## DATA EXTRACTS
•••••

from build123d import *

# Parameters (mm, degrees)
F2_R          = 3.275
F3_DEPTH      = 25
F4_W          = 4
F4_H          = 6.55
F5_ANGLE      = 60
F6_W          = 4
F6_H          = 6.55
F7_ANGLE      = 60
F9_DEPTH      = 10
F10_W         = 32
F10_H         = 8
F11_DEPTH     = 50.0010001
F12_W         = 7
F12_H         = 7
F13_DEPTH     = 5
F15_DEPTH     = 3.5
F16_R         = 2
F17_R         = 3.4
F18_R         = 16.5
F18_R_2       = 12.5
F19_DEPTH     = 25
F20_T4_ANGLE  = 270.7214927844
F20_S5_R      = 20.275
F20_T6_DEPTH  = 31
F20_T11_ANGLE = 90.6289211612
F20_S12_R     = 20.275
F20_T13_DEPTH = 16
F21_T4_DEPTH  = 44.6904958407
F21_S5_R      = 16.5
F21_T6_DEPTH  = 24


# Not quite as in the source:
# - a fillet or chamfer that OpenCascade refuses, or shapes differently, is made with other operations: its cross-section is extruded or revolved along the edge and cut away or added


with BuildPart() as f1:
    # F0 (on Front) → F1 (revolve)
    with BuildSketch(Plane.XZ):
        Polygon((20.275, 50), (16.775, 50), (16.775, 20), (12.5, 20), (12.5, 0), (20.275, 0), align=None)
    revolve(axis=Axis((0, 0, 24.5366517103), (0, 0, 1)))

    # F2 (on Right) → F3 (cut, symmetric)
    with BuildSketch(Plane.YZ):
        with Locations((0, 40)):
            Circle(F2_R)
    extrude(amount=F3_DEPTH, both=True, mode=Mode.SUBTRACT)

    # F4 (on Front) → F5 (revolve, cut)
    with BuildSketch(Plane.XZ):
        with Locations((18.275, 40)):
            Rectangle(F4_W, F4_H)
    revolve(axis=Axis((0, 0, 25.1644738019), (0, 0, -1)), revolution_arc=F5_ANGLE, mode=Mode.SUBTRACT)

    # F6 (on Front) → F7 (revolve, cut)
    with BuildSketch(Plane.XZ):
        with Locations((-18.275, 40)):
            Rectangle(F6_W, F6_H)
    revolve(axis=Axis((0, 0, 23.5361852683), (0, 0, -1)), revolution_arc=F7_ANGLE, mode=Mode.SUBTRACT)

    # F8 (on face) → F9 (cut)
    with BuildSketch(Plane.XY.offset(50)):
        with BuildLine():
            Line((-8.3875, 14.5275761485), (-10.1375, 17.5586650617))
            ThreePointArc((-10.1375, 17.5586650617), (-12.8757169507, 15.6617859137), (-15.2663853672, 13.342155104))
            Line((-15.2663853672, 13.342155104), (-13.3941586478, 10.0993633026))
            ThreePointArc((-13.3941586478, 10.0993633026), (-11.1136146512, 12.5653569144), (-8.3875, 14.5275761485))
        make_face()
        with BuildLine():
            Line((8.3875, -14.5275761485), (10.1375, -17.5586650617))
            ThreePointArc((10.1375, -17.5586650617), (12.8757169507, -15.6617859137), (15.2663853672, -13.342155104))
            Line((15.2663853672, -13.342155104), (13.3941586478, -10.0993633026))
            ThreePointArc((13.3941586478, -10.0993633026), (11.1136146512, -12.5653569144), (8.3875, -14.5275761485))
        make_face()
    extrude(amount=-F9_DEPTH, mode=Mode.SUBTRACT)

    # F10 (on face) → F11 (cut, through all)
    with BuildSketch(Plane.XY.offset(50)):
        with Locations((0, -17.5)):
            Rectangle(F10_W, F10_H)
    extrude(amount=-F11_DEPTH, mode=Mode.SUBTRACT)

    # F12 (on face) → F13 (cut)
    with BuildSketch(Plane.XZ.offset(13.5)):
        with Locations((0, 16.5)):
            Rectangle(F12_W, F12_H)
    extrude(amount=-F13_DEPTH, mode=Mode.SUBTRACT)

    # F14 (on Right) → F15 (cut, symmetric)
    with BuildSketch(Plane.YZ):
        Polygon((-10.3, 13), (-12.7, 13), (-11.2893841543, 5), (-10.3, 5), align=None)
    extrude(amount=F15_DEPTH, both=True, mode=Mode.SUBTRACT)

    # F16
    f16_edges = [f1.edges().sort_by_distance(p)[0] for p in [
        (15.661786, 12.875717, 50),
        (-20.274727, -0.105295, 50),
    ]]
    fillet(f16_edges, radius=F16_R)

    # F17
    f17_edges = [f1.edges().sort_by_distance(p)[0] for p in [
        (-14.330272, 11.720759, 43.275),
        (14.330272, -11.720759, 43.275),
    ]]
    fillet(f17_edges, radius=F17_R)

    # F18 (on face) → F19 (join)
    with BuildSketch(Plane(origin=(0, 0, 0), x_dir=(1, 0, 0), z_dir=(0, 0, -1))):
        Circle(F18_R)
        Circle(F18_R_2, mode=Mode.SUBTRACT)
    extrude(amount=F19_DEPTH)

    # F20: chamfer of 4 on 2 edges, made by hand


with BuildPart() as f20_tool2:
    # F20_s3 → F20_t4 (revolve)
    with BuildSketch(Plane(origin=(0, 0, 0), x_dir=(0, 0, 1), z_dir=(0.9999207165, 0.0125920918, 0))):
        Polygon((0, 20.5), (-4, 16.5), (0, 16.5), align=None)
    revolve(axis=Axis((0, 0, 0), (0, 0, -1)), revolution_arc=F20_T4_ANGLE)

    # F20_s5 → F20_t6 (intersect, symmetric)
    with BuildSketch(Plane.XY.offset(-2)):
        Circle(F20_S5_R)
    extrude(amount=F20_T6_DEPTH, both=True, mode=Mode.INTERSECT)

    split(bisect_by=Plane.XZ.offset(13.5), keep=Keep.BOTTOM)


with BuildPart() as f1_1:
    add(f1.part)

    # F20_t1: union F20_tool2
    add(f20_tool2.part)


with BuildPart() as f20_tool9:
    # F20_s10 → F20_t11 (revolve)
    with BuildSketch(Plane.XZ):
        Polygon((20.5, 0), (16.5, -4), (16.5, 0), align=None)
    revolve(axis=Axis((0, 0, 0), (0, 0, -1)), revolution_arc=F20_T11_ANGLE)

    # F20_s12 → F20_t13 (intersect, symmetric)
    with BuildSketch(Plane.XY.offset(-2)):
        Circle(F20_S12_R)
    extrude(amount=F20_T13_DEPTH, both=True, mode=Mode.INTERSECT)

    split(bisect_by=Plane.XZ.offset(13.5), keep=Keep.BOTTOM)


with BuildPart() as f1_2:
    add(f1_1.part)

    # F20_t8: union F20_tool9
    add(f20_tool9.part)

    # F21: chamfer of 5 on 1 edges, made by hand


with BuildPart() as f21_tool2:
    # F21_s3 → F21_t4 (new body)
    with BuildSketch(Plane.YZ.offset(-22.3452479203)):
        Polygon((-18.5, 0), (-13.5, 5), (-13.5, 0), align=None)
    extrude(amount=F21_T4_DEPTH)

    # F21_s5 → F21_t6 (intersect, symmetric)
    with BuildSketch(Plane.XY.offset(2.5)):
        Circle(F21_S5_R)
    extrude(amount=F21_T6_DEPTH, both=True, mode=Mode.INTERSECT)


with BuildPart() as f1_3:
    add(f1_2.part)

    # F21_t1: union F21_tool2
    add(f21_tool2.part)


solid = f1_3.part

•••••

## TASK
Return every line of the listing above where "made" appears.

## WRITTEN REPLY
# - a fillet or chamfer that OpenCascade refuses, or shapes differently, is made with other operations: its cross-section is extruded or revolved along the edge and cut away or added
    # F20: chamfer of 4 on 2 edges, made by hand
    # F21: chamfer of 5 on 1 edges, made by hand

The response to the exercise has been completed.